Spatio-temporal Bayesian inference drives environmental and health sciences using latent Gaussian models. Integrated Nested Laplace Approximations (INLA) enable inference for these models at HPC scale but rely on derivative-based optimization over $d$ hyperparameters. State-of-the-art INLA implementations approximate derivatives via central finite differences (FD), requiring $2d{+}1$ evaluations. These evaluations are embarrassingly parallel, but total work and energy grow with $d$, limiting time-to-solution under fixed budgets. Reverse-mode automatic differentiation (AD) computes exact gradients independently of $d$, but its efficient application to INLA's structured-sparse kernels is an open challenge. We present ADELIA, the first AD-enabled INLA implementation with a structure-exploiting multi-GPU backward pass leveraging model sparsity. We evaluate ADELIA on ten benchmark models, including real-world air-pollution monitoring. We achieve $4.2$--$7.9\times$ per-gradient speedups and reliable convergence on production-scale models with up to 1.9M latent variables, where FD struggles. Even when scaled to 16--32 GPUs to match ADELIA's wall-clock time, FD consumes $5$--$8\times$ more energy.

翻译：时空贝叶斯推断通过潜在高斯模型驱动环境与健康科学研究。集成嵌套拉普拉斯近似（INLA）方法能在HPC规模下实现此类模型的推断，但其依赖于对$d$个超参数进行基于导数的优化。现有最先进的INLA实现通过中心有限差分（FD）近似导数，需进行$2d{+}1$次评估。这些评估虽属易并行计算，但总计算量与能耗随$d$增长，在固定预算下限制了求解时间。

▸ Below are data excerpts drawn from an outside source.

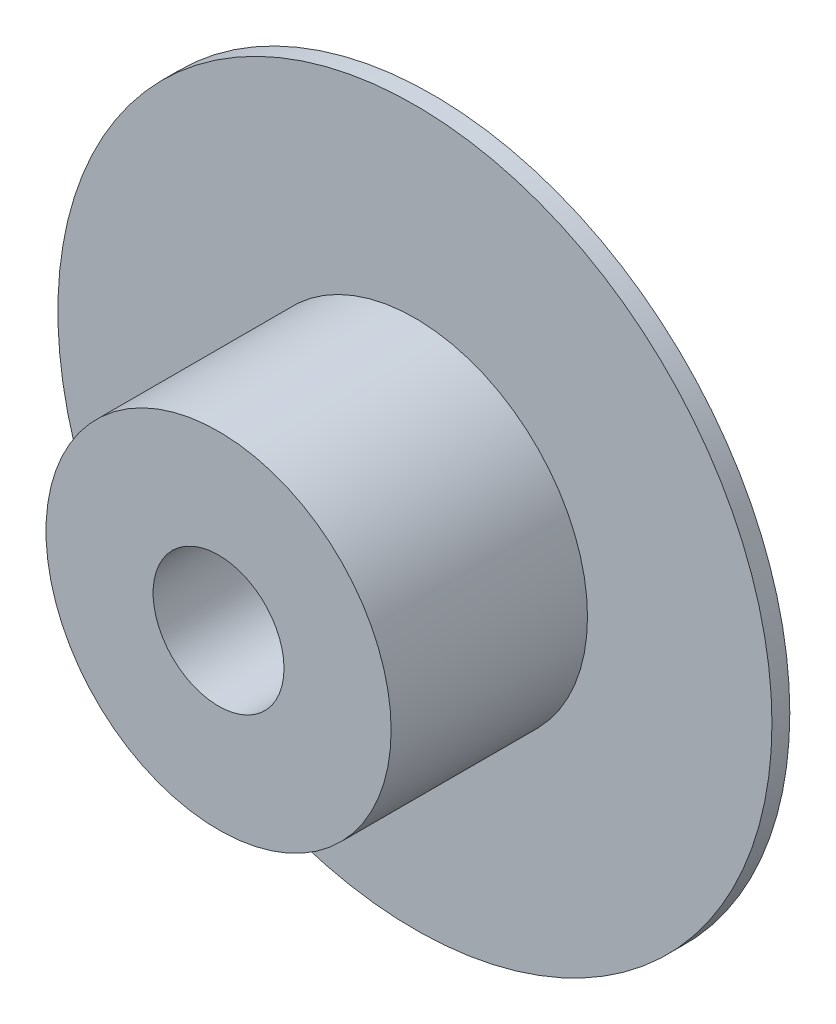
SolidWorks part; units mm, degrees
ref_plane "Front Plane" through (0, 0, 0) normal (0, 0, 1) x (1, 0, 0)
ref_plane "Top Plane" through (0, 0, 0) normal (0, 1, 0) x (1, 0, 0)
ref_plane "Right Plane" through (0, 0, 0) normal (1, 0, 0) x (0, 0, -1)
sketch "Sketch1" plane through (0, 0, 0) normal (0, 0, 1) x (1, 0, 0)
  circle A0 centre (0, 0) radius 30
extrude "Boss-Extrude1" add sketch "Sketch1" along normal blind 1.5
sketch "Sketch2" plane through (0, 0, 0) normal (0, 0, 1) x (1, 0, 0)
  circle A0 centre (0, 0) radius 10
extrude "Extrude-Thin1" add sketch "Sketch2" along normal blind 18 thin thin type mid plane wall 9
sketch3d "3DSketch1"
  circle A0 centre (0, 0, 1.5) radius 14.5 construction
  spline S0 degree 2 poles (-13.2644, -5.8571, 11.3217) (-9.9632, -13.5973, 4.8942) (-0.116, -14.4995, 1.5) knots 0 0 0 1 1 1
  spline S1 degree 3 poles (-13.2644, -5.8571, 11.3217) (-13.6137, -14.1732, 12.7454) (4.2721, -14.5642, 9.121) (-0.116, -14.4995, 1.5) knots 0 0 0 0 1 1 1 1
  point P5 (0, 0, -13)
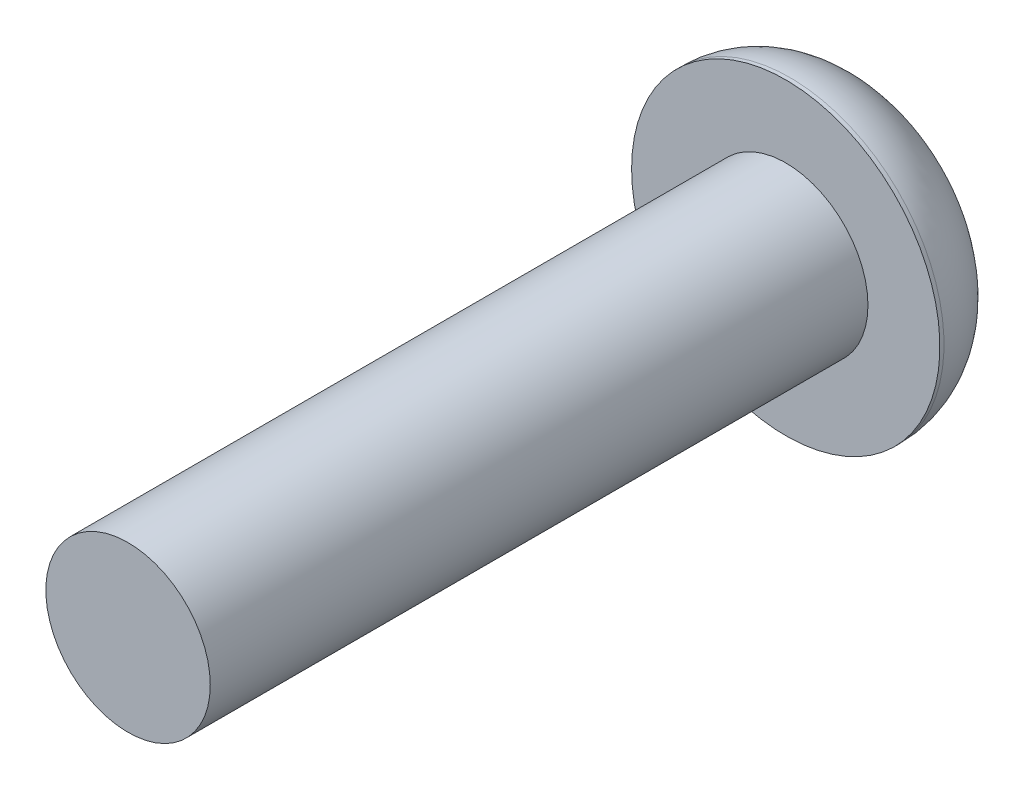
SolidWorks part; units mm, degrees
ref_plane "前视基准面" through (0, 0, 0) normal (0, 0, 1) x (1, 0, 0)
ref_plane "上视基准面" through (0, 0, 0) normal (0, 1, 0) x (1, 0, 0)
ref_plane "右视基准面" through (0, 0, 0) normal (1, 0, 0) x (0, 0, -1)
sketch "草图1" plane through (0, 0, 0) normal (0, 0, 1) x (1, 0, 0)
  circle A0 centre (0, 0) radius 2
extrude "凸台-拉伸1" add sketch "草图1" along normal blind 16
sketch "草图2" plane through (0, 0, 0) normal (0, 0, -1) x (-1, 0, 0)
  circle A0 centre (0, 0) radius 3.75
extrude "凸台-拉伸2" add sketch "草图2" along normal blind 2.1
fillet "圆角1" radius 2 1 edges at (-3.75, 0, -2.1)
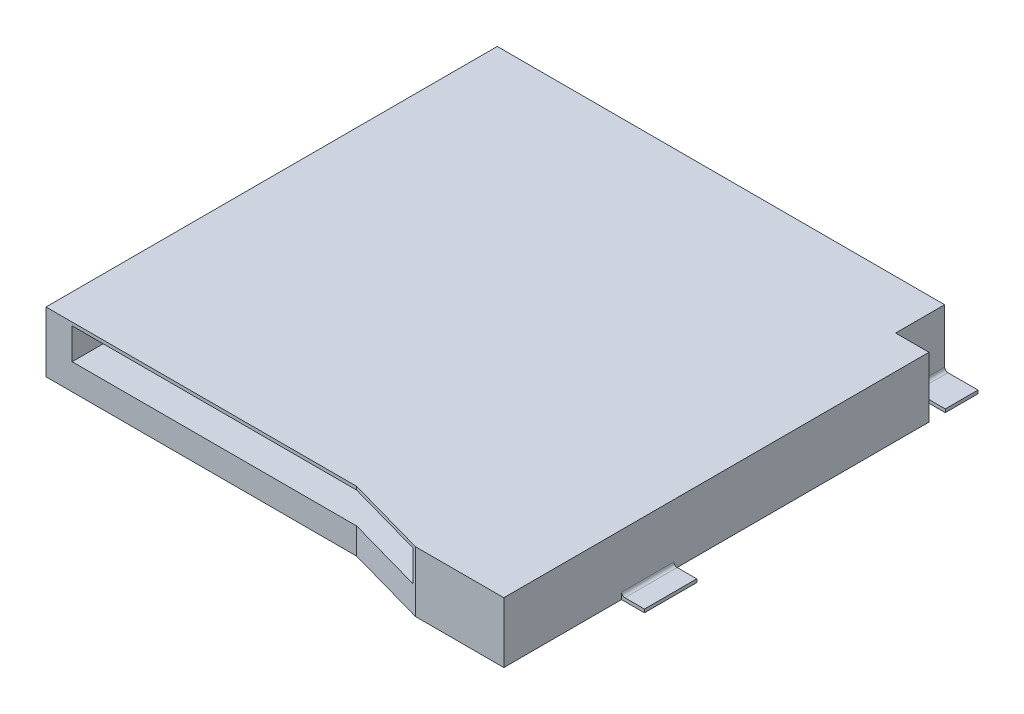
SolidWorks part; units mm, degrees
ref_plane "정면" through (0, 0, 0) normal (0, 0, 1) x (1, 0, 0)
ref_plane "윗면" through (0, 0, 0) normal (0, 1, 0) x (1, 0, 0)
ref_plane "우측면" through (0, 0, 0) normal (1, 0, 0) x (0, 0, -1)
sketch "스케치1" plane through (0, 0, 0) normal (0, 1, 0) x (1, 0, 0)
  line L0 (2.66, -6.15) -> (5.16, -6.85)
  line L1 (-6.84, 7.65) -> (6.84, 7.65)
  line L2 (-6.84, 7.65) -> (-6.84, -6.15)
  line L3 (-6.84, -6.15) -> (2.66, -6.15)
  line L4 (7.86, 6.15) -> (7.86, -6.85)
  line L5 (5.16, -6.85) -> (7.86, -6.85)
  line L6 (-6.84, -6.15) -> (6.84, 6.15) construction
  line L8 (6.84, 7.65) -> (6.84, 6.15)
  line L9 (6.84, 6.15) -> (7.86, 6.15)
  dimension "D1" = 14.7
  dimension "D2" = 0.7
  dimension "D3" = 14.5
  dimension "D4" = 2.7
  dimension "D5" = 9.5
  dimension "D6" = 1.02
  dimension "D7" = 1.5
extrude "보스-돌출1" add sketch "스케치1" along normal blind 1.85
sketch "스케치2" plane through (0, 0, 0) normal (0, 1, 0) x (1, 0, 0)
  line L0 (7.86, -6.85) -> (7.86, 6.15) construction
  line L1 (7.86, -1.65) -> (8.56, -1.65)
  line L2 (7.86, -1.65) -> (7.86, -3.25)
  line L3 (7.86, -3.25) -> (8.56, -3.25)
  line L4 (8.56, -1.65) -> (8.56, -3.25)
  line L5 (-6.84, 7.65) -> (-6.84, -6.15) construction
  line L6 (6.84, 6.15) -> (6.84, 7.65) construction
  line L7 (6.84, 7.65) -> (7.86, 7.65)
  line L8 (6.84, 7.65) -> (6.84, 6.65)
  line L9 (6.84, 6.65) -> (7.86, 6.65)
  line L10 (-6.84, 7.65) -> (-7.54, 7.65)
  line L11 (-6.84, 7.65) -> (-6.84, 6.65)
  line L12 (-6.84, 6.65) -> (-7.54, 6.65)
  line L13 (-7.54, 7.65) -> (-7.54, 6.65)
  line L14 (7.86, 7.65) -> (7.86, 6.65)
  line L15 (-6.84, -1.65) -> (-7.54, -1.65)
  line L16 (-6.84, -1.65) -> (-6.84, -3.25)
  line L17 (-6.84, -3.25) -> (-7.54, -3.25)
  line L18 (-7.54, -1.65) -> (-7.54, -3.25)
  line L19 (6.84, 7.65) -> (-6.84, 7.65) construction
  dimension "D1" = 1
  dimension "D2" = 1.02
  dimension "D3" = 1.6
  dimension "D4" = 0.7
  dimension "D5" = 1.6
  dimension "D6" = 0.7
  dimension "D7" = 1
  dimension "D8" = 0.7
  dimension "D9" = 9.3
extrude "보스-돌출2" add sketch "스케치2" along normal blind 0.1
sketch "스케치3" plane through (0, 0, 0) normal (0, -1, 0) x (1, 0, 0)
  line L0 (0, 6.9794) -> (0, -8.1783) construction
  line L1 (7.86, -7.65) -> (-7.54, -7.65) construction
  circle A0 centre (-4.95, 2.85) radius 0.4
  circle A1 centre (3.05, 2.85) radius 0.4
  dimension "D4" = 0.8
  dimension "D1" = 10.5
  dimension "D2" = 3.05
  dimension "D3" = 4.95
extrude "보스-돌출3" add sketch "스케치3" along normal blind 0.6
sketch "스케치4" plane through (0, 0, 0) normal (0, 0, 1) x (1, 0, 0)
  line L0 (-6.84, 1.85) -> (2.66, 1.85) construction
  line L1 (-6.04, 1.75) -> (5.06, 1.75)
  line L2 (-6.04, 1.75) -> (-6.04, 0.8)
  line L3 (-6.04, 0.8) -> (5.06, 0.8)
  line L4 (5.06, 1.75) -> (5.06, 0.8)
  line L6 (-6.84, 1.85) -> (-6.84, 0) construction
  line L7 (-6.84, 0) -> (2.66, 0) construction
  dimension "D1" = 0.1
  dimension "D2" = 11.1
  dimension "D3" = 0.8
  dimension "D4" = 0.8
extrude "컷-돌출1" cut sketch "스케치4" along normal through all and the other way blind 7
fillet "필렛1" radius 0.1 2 edges at (3.05, -0.6, 2.45) (-4.95, -0.6, 2.45)
fillet "필렛2" radius 0.1 4 edges at (6.84, 0.1, -7.15) (7.86, 0.1, 2.45) (-6.84, 0.1, 2.45)
sketch "스케치7" plane through (0, 0, 6.15) normal (0, 0, 1) x (1, 0, 0)
  line L0 (-6.84, 0) -> (2.66, 0) construction
  line L1 (-6.04, 1.75) -> (5.06, 1.75)
  line L2 (-6.04, 1.75) -> (-6.04, 0.8)
  line L3 (-6.04, 0.8) -> (5.06, 0.8)
  line L4 (5.06, 1.75) -> (5.06, 0.8)
  point P6 (-0.49, 0.8)
  point P7 (-0.49, 0)

反向模式自动微分（AD）可独立于$d$计算精确梯度，但如何将其高效应用于INLA的结构化稀疏核仍是一个开放挑战。本文提出ADELIA——首个支持自动微分的INLA实现，其具备利用模型稀疏性的结构化多GPU反向传播机制。我们在十个基准模型（包含实际空气污染监测场景）上进行评估。在含有高达190万潜在变量的生产级模型上，ADELIA实现每梯度$4.2$至$7.9$倍的加速比与可靠收敛性，而FD方法在此场景下表现困难。即使将FD扩展至16-32个GPU以匹配ADELIA的壁钟时间，其能耗仍高出$5$至$8$倍。